Dynamic Graphs: Connected Components in Dynamic Graphs

Chapter 3: Connected Components (CC) in Dynamic Graphs

Introduction

Connected Components are a fundamental concept in graph theory, partitioning a graph into disjoint subgraphs within which any two vertices are connected by a path. In dynamic graphs, vertices and edges can be added or removed over time, which poses challenges for efficiently identifying connected components. This chapter explores these challenges and solutions.

Standard Connected Components Algorithm

The most common algorithm for finding connected components in a static, undirected graph is Depth-First Search (DFS). Here's a quick review of the algorithm:

  ConnectedComponents(Graph G):
    1. Initialize an empty list to store connected components
    2. Mark all vertices as unvisited
    3. For each unvisited vertex u:
        4. Initialize an empty list for the current component
        5. DFS(u, current component)
        6. Add the current component to the list of connected components

  DFS(u, current component):
    1. Mark u as visited
    2. Add u to current component
    3. For each neighbor v of u:
        4. If v is not visited:
            5. DFS(v, current component)

Dynamic Graphs and Connected Components

The primary challenges in identifying connected components in dynamic graphs are:

• When vertices or edges are added, existing components may merge.
• When vertices or edges are removed, a single component may split into multiple components.

Connected Components in Dynamic Graphs

Strategies to adapt Connected Components algorithms for dynamic graphs include:

1. Recomputing from Scratch: Simple but computationally expensive.
2. Incremental Updates: Efficiently update the connected components as changes occur.
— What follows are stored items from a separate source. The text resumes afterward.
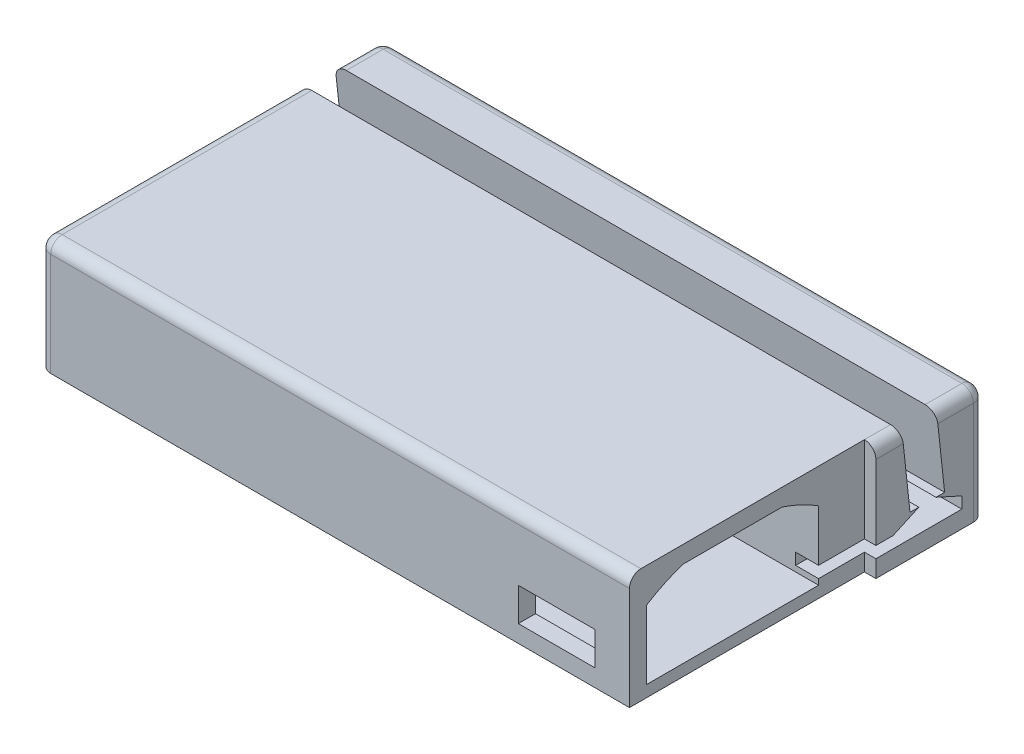
from build123d import *

# Parameters (mm, degrees)
P_IDAT_VYSUNUT_M2_DEPTH  = 105
SKICA3_W                 = 30
SKICA3_H                 = 12
ODEBRAT_VYSUNUT_M1_DEPTH = 102
SKICA5_W                 = 6
SKICA5_H                 = 2
ODEBRAT_VYSUNUT_M3_DEPTH = 15
ODEBRAT_VYSUNUT_M6_DEPTH = 102
SKICA12_W                = 41
SKICA12_H                = 20
ODEBRAT_VYSUNUT_M8_DEPTH = 2
SKICA13_W                = 13.4
SKICA13_H                = 5.8
ODEBRAT_VYSUNUT_M9_DEPTH = 10
ZAOBLIT1_R               = 2
ZAOBLIT2_R               = 2
ZKOSEN_2_SIZE            = 3


# Some blends are built 0.0001 mm under size
with BuildPart() as part:
    # Skica2 → Přidat vysunutím2 (new body)
    with BuildSketch(Plane(origin=(0, 0, 0), x_dir=(0, 0, -1), z_dir=(1, 0, 0))):
        Polygon((15.558367755, 10), (-30, 10), (-30, -10), (30, -10), (30, 10), (21.59358807, 10), (23, -2.961048892), (21.5, -2.961048892), (26, -5), (26, -7), (14, -7), (14, -5), (18.5, -2.961048892), (16.964779685, -2.961048892), align=None)
    extrude(amount=P_IDAT_VYSUNUT_M2_DEPTH)

    # Skica3 → Odebrat vysunutím1 (cut)
    with BuildSketch(Plane(origin=(105, 0, 0), x_dir=(0, 0, -1), z_dir=(1, 0, 0))):
        with Locations((-12, -2)):
            Rectangle(SKICA3_W, SKICA3_H)
    extrude(amount=-ODEBRAT_VYSUNUT_M1_DEPTH, mode=Mode.SUBTRACT)

    # Skica5 → Odebrat vysunutím3 (cut)
    with BuildSketch(Plane(origin=(0, 0, -14), x_dir=(-1, 0, 0), z_dir=(0, 0, -1))):
        with Locations((-102, -6)):
            Rectangle(SKICA5_W, SKICA5_H)
    extrude(amount=-ODEBRAT_VYSUNUT_M3_DEPTH, mode=Mode.SUBTRACT)

    # Skica10 → Odebrat vysunutím6 (cut)
    with BuildSketch(Plane(origin=(105, 0, 0), x_dir=(0, 0, -1), z_dir=(1, 0, 0))):
        with BuildLine():
            ThreePointArc((-20.610511889, 7), (-23.90017092, 5.702152702), (-27, 4))
            Line((-27, 4), (3, 4))
            ThreePointArc((3, 4), (-0.09982908, 5.702152702), (-3.389488111, 7))
            Line((-3.389488111, 7), (-20.610511889, 7))
        make_face()
    extrude(amount=-ODEBRAT_VYSUNUT_M6_DEPTH, mode=Mode.SUBTRACT)

    # Skica12 → Odebrat vysunutím8 (cut)
    with BuildSketch(Plane(origin=(105, 0, 0), x_dir=(0, 0, -1), z_dir=(1, 0, 0))):
        with Locations((-9.5, 0)):
            Rectangle(SKICA12_W, SKICA12_H)
    extrude(amount=-ODEBRAT_VYSUNUT_M8_DEPTH, mode=Mode.SUBTRACT)

    # Skica13 → Odebrat vysunutím9 (cut)
    with BuildSketch(Plane.XY.offset(30)):
        with Locations((90.3, -4.1)):
            Rectangle(SKICA13_W, SKICA13_H)
    extrude(amount=-ODEBRAT_VYSUNUT_M9_DEPTH, mode=Mode.SUBTRACT)

    # Zaoblit1
    zaoblit1_edges = [part.edges().sort_by_distance(p)[0] for p in [
        (0, 0, 30),
        (0, 10, 7.220816123),
        (105, 10, -13.279183877),
        (105, 10, -25.796794035),
        (0, 10, -25.796794035),
        (0, 0, -30),
        (52.5, 10, -30),
        (105, 0, -30),
    ]]
    fillet(zaoblit1_edges, radius=ZAOBLIT1_R)

    # Zaoblit2
    # the kernel refuses this fillet: 2 mm, written as the material it takes off along each edge
    with BuildSketch(Plane(origin=(2, 8, 28), x_dir=(0, 0, 1), z_dir=(0, 1, 0))) as zaoblit2_piece_1_section:
        Polygon((0, 0), (ZAOBLIT2_R, 0), (ZAOBLIT2_R, -ZAOBLIT2_R), (0, -ZAOBLIT2_R), align=None)
    zaoblit2_piece_1 = extrude(amount=ZAOBLIT2_R, mode=Mode.PRIVATE)
    zaoblit2_piece_1 = zaoblit2_piece_1 - Plane(origin=(2, 8, 28), x_dir=(0.7071067811865475, 0, -0.7071067811865475), z_dir=(0, 1, 0)) * Sphere(ZAOBLIT2_R, mode=Mode.PRIVATE)
    add(zaoblit2_piece_1, mode=Mode.SUBTRACT)
    with BuildSketch(Plane(origin=(2, 10, 30), x_dir=(0, 0, -1), z_dir=(1, 0, 0))) as zaoblit2_piece_2:
        with BuildLine():
            CenterArc((ZAOBLIT2_R, -ZAOBLIT2_R), ZAOBLIT2_R, 90, 90)
            Line((0, -ZAOBLIT2_R), (0, 0))
            Line((0, 0), (ZAOBLIT2_R, 0))
        make_face()
    extrude(amount=106, mode=Mode.SUBTRACT)

    # Zkosení2
    zkosen_2_edges = [part.edges().sort_by_distance(p)[0] for p in [
        (97, -4.1, 27),
    ]]
    chamfer(zkosen_2_edges, length=ZKOSEN_2_SIZE - 0.0001)  # a hair under: the kernel refuses the full size


solid = part.part
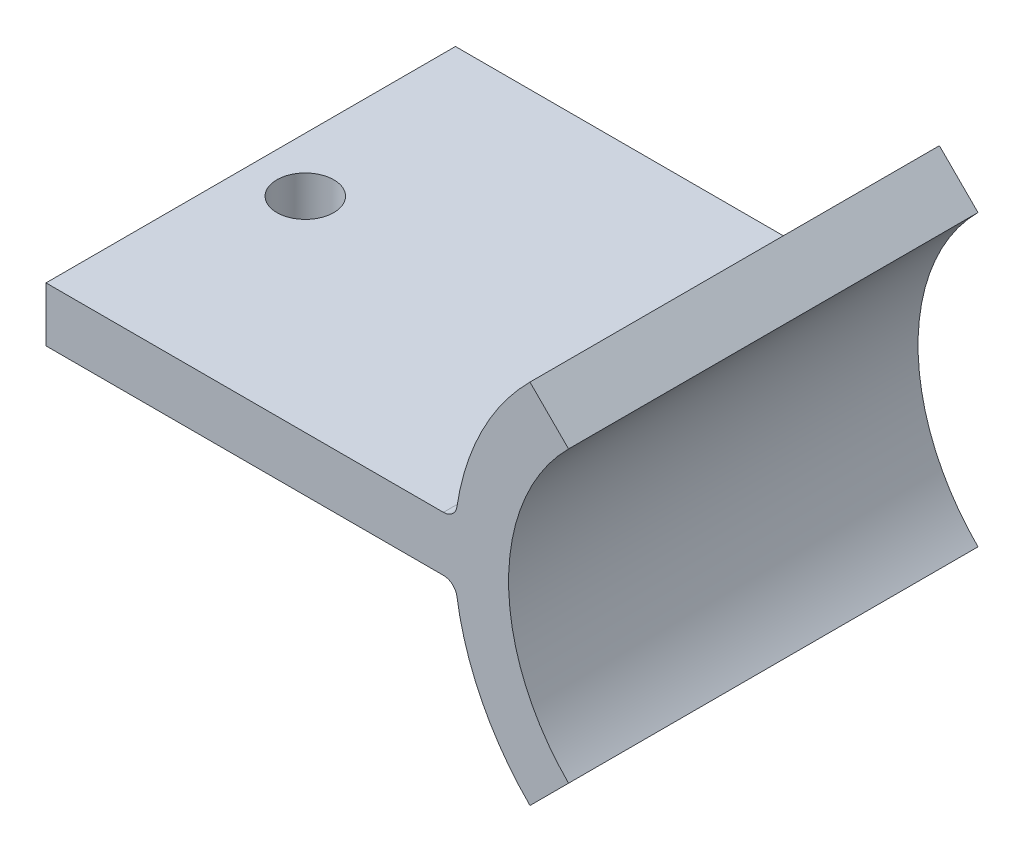
from build123d import *

# Parameters (mm, degrees)
BOSS_EXTRUDE1_DEPTH  = 19.05
M5_CLEARANCE_HOLE1_D = 5.3
FILLET1_R            = 1.27


with BuildPart() as part:
    # Sketch1 → Boss-Extrude1 (new, symmetric)
    with BuildSketch(Plane.XY):
        with BuildLine():
            Line((5.57961581839625, -13.470384181603707), (1.987513369968585, -17.06248663003137))
            ThreePointArc((1.987513369968585, -17.06248663003137), (-2.725544166788481, -10.39627703749012), (-4.945943407167808, -2.539999999999996))
            Line((-4.945943407167808, -2.539999999999996), (-43.04594340716781, -2.540000000000002))
            Line((-43.04594340716781, -2.540000000000002), (-43.04594340716781, 2.5399999999999987))
            Line((-43.04594340716781, 2.5399999999999987), (-4.945943407167809, 2.5399999999999956))
            ThreePointArc((-4.945943407167809, 2.5399999999999956), (-2.7255441667884845, 10.39627703749011), (1.9875133699685803, 17.062486630031362))
            Line((1.9875133699685803, 17.062486630031362), (5.57961581839625, 13.470384181603707))
            ThreePointArc((5.57961581839625, 13.470384181603707), (0, -2.33e-15), (5.57961581839625, -13.470384181603707))
        make_face()
    extrude(amount=BOSS_EXTRUDE1_DEPTH, both=True)

    # Sketch3 → Cut-Revolve1 (revolve, cut)
    with BuildSketch(Plane(origin=(0, 0, 0), x_dir=(1, 0, 0), z_dir=(0, 1, 0))):
        Polygon((-5.080000000000001, 15.239999999999998), (-5.079999999999999, 10.159999999999997), (-7.619999999999999, 10.159999999999995), (-7.620000000000001, 15.239999999999998), align=None)
        Polygon((-7.6200000000000045, -15.239999999999998), (-7.620000000000003, -10.159999999999995), (-5.080000000000003, -10.159999999999997), (-5.0800000000000045, -15.239999999999998), align=None)
    revolve(axis=Axis((19.049999999999997, 0, 19.05), (0, 0, -1)), mode=Mode.SUBTRACT)

    # M5 Clearance Hole1 (through all)
    with Locations(Plane(origin=(2.3e-16, 2.539999999999995, 0), x_dir=(1, -1.3e-15, 0), z_dir=(1.3e-15, 1, 0))):
        with Locations((-37.965943407, 0)):
            Hole(M5_CLEARANCE_HOLE1_D / 2)

    # Fillet1
    # the kernel refuses this fillet: 1.27 mm, written as the material it adds along each edge
    with BuildSketch(Plane(origin=(19.049999999999997, 0, 10.159999999999995), x_dir=(-0.977097634311174, 0.21279147779811838, 0), z_dir=(0.21279147779811838, 0.977097634311174, 0))) as fillet1_piece_1_section:
        with BuildLine():
            CenterArc((26.669999999999998 - FILLET1_R, FILLET1_R), FILLET1_R, 270, 90)
            Line((26.669999999999998, FILLET1_R), (26.669999999999998, 0))
            Line((26.669999999999998, 0), (26.669999999999998 - FILLET1_R, 0))
        make_face()
    fillet1_piece_1 = revolve(axis=Axis((19.049999999999997, 0, 10.159999999999995), (0, 0, 1)), revolution_arc=24.571980666955447, mode=Mode.PRIVATE)
    fillet1_piece_1 = split(fillet1_piece_1, bisect_by=Plane(origin=(-7.291599900953605, -2.5399999999999965, 10.447516445841947), z_dir=(-1.5e-16, 1, 0)), keep=Keep.TOP, mode=Mode.PRIVATE)
    fillet1_piece_1 = split(fillet1_piece_1, bisect_by=Plane(origin=(-7.2915999009536066, 2.5399999999999956, 10.447516445841947), z_dir=(-8e-17, -1, 0)), keep=Keep.TOP, mode=Mode.PRIVATE)
    add(fillet1_piece_1)
    with BuildSketch(Plane(origin=(19.049999999999997, 0, 10.159999999999997), x_dir=(-0.97203785589273, -0.23482420384505578, 0), z_dir=(0.23482420384505578, -0.97203785589273, 0))) as fillet1_piece_2_section:
        with BuildLine():
            CenterArc((24.130000000000003 + FILLET1_R, -FILLET1_R), FILLET1_R, 90, 90)
            Line((24.130000000000003 + FILLET1_R, 1.78e-15), (24.130000000000003, 1.78e-15))
            Line((24.130000000000003, 1.78e-15), (24.130000000000003, -FILLET1_R))
        make_face()
    fillet1_piece_2 = revolve(axis=Axis((19.049999999999997, 0, 10.159999999999997), (0, 0, -1)), revolution_arc=13.581260422554433, mode=Mode.PRIVATE)
    fillet1_piece_2 = split(fillet1_piece_2, bisect_by=Plane(origin=(-5.323332867248744, -2.539999999999996, 10.44752827133116), z_dir=(-1.5e-16, 1, 0)), keep=Keep.TOP, mode=Mode.PRIVATE)
    add(fillet1_piece_2)
    with BuildSketch(Plane(origin=(19.049999999999997, 0, 15.239999999999998), x_dir=(-1, 0, 0), z_dir=(0, -1, 0))) as fillet1_piece_3_section:
        with BuildLine():
            CenterArc((24.130000000000003 + FILLET1_R, FILLET1_R), FILLET1_R, 180, 90.00000000000017)
            Line((24.130000000000003 + FILLET1_R, 0), (24.130000000000003, 0))
            Line((24.130000000000003, 0), (24.13, FILLET1_R))
        make_face()
    fillet1_piece_3 = revolve(axis=Axis((19.049999999999997, 0, 15.239999999999998), (0, 0, -1)), revolution_arc=13.581260422554424, mode=Mode.PRIVATE)
    fillet1_piece_3 = split(fillet1_piece_3, bisect_by=Plane(origin=(-5.3233331057064674, 2.5399999999999956, 14.952471726792393), z_dir=(-8e-17, -1, 0)), keep=Keep.TOP, mode=Mode.PRIVATE)
    add(fillet1_piece_3)
    with BuildSketch(Plane(origin=(19.049999999999997, 0, 15.239999999999998), x_dir=(-0.977097634311174, 0.21279147779811838, 0), z_dir=(0.21279147779811838, 0.977097634311174, 0))) as fillet1_piece_4_section:
        with BuildLine():
            CenterArc((26.669999999999998 - FILLET1_R, -FILLET1_R), FILLET1_R, 0, 90)
            Line((26.669999999999998, -FILLET1_R), (26.669999999999998, 0))
            Line((26.669999999999998, 0), (26.669999999999998 - FILLET1_R, 0))
        make_face()
    fillet1_piece_4 = revolve(axis=Axis((19.049999999999997, 0, 15.239999999999998), (0, 0, 1)), revolution_arc=24.571980666955447, mode=Mode.PRIVATE)
    fillet1_piece_4 = split(fillet1_piece_4, bisect_by=Plane(origin=(-7.2915999009536066, -2.5399999999999965, 14.952483554158047), z_dir=(-1.5e-16, 1, 0)), keep=Keep.TOP, mode=Mode.PRIVATE)
    fillet1_piece_4 = split(fillet1_piece_4, bisect_by=Plane(origin=(-7.2915999009536066, 2.5399999999999956, 14.952483554158047), z_dir=(-8e-17, -1, 0)), keep=Keep.TOP, mode=Mode.PRIVATE)
    add(fillet1_piece_4)
    with BuildSketch(Plane(origin=(19.049999999999997, 0, -10.159999999999997), x_dir=(-0.9720378558927297, -0.23482420384505664, 0), z_dir=(0.23482420384505664, -0.9720378558927297, 0))) as fillet1_piece_5_section:
        with BuildLine():
            CenterArc((24.129999999999995 + FILLET1_R, FILLET1_R), FILLET1_R, 180, 90)
            Line((24.129999999999995 + FILLET1_R, 0), (24.129999999999995, 0))
            Line((24.129999999999995, 0), (24.129999999999995, FILLET1_R))
        make_face()
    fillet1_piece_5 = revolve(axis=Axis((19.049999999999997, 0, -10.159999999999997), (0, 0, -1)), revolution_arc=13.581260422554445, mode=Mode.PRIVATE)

Incremental Connected Components Algorithm

  IncrementalConnectedComponents(Graph G_t, CC_List):
    1. Detect changes (added/removed vertices and edges)
    2. Update CC_List according to the changes
    3. Correct any inconsistencies in CC_List

Conclusion

Connected components are fundamental to many graph algorithms and applications. Like BFS and SSSP, connected components can be efficiently computed in dynamic graphs using incremental methods.